Begin with the line in which "line L7 (20, 15) -> (20, -15) construction" appears and end with the final line of the entries. Retype each one exactly and add nothing.

######

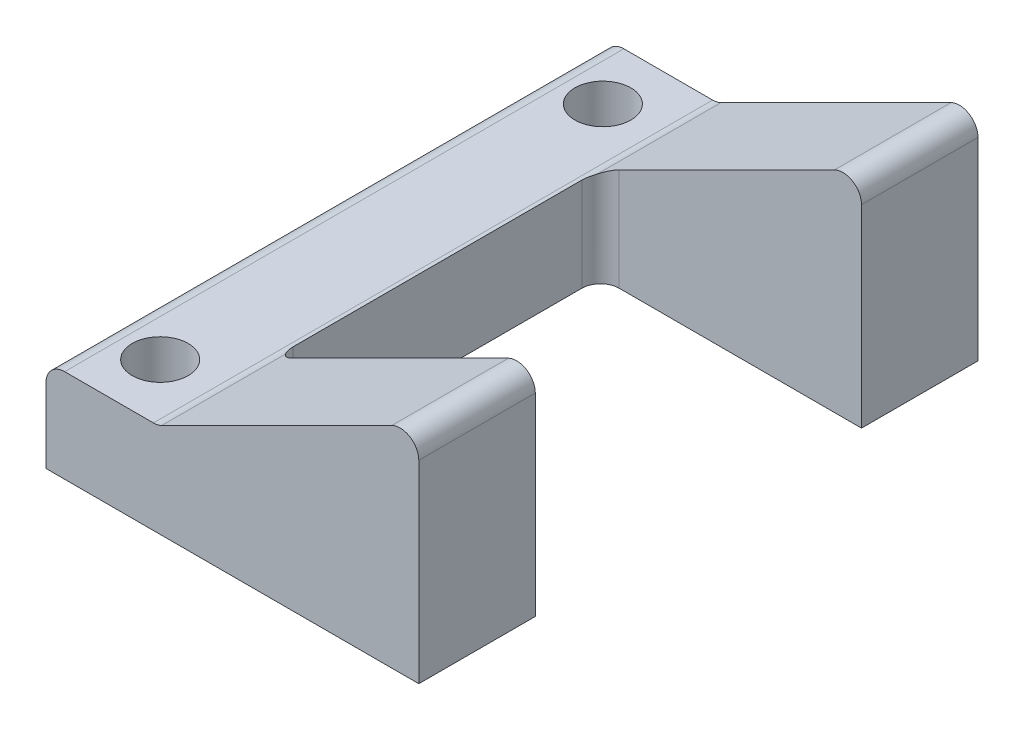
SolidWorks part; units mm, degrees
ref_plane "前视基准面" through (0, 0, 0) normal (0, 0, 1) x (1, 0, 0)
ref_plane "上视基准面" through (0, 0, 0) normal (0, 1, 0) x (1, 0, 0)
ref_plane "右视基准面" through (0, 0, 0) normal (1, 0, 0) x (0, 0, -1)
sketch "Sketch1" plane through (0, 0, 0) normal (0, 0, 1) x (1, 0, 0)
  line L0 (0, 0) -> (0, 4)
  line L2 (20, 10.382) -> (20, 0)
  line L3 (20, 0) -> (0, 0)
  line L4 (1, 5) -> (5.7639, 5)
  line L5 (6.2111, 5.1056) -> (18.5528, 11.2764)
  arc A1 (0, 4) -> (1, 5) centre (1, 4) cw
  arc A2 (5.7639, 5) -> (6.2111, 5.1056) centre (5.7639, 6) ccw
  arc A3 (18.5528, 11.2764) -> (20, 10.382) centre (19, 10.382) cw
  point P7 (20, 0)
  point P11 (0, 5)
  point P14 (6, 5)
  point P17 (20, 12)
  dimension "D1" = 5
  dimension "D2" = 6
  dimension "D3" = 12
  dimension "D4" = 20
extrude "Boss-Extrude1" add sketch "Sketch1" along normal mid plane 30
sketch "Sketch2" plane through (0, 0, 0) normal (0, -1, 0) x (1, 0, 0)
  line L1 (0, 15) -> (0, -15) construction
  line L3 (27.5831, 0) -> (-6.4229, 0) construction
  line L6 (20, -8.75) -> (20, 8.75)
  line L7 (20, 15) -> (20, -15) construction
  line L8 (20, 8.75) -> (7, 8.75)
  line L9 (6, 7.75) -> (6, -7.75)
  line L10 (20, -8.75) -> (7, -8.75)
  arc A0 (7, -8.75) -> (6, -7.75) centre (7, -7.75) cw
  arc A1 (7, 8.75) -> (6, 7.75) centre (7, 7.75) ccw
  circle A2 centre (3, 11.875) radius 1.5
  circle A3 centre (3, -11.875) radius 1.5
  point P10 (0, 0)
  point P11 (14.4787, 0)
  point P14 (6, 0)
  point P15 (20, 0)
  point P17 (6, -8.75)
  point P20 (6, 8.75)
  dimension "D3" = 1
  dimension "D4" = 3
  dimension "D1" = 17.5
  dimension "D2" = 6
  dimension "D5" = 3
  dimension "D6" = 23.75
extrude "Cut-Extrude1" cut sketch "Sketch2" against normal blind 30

######

*Task solution*.
  line L7 (20, 15) -> (20, -15) construction
  line L8 (20, 8.75) -> (7, 8.75)
  line L9 (6, 7.75) -> (6, -7.75)
  line L10 (20, -8.75) -> (7, -8.75)
  arc A0 (7, -8.75) -> (6, -7.75) centre (7, -7.75) cw
  arc A1 (7, 8.75) -> (6, 7.75) centre (7, 7.75) ccw
  circle A2 centre (3, 11.875) radius 1.5
  circle A3 centre (3, -11.875) radius 1.5
  point P10 (0, 0)
  point P11 (14.4787, 0)
  point P14 (6, 0)
  point P15 (20, 0)
  point P17 (6, -8.75)
  point P20 (6, 8.75)
  dimension "D3" = 1
  dimension "D4" = 3
  dimension "D1" = 17.5
  dimension "D2" = 6
  dimension "D5" = 3
  dimension "D6" = 23.75
extrude "Cut-Extrude1" cut sketch "Sketch2" against normal blind 30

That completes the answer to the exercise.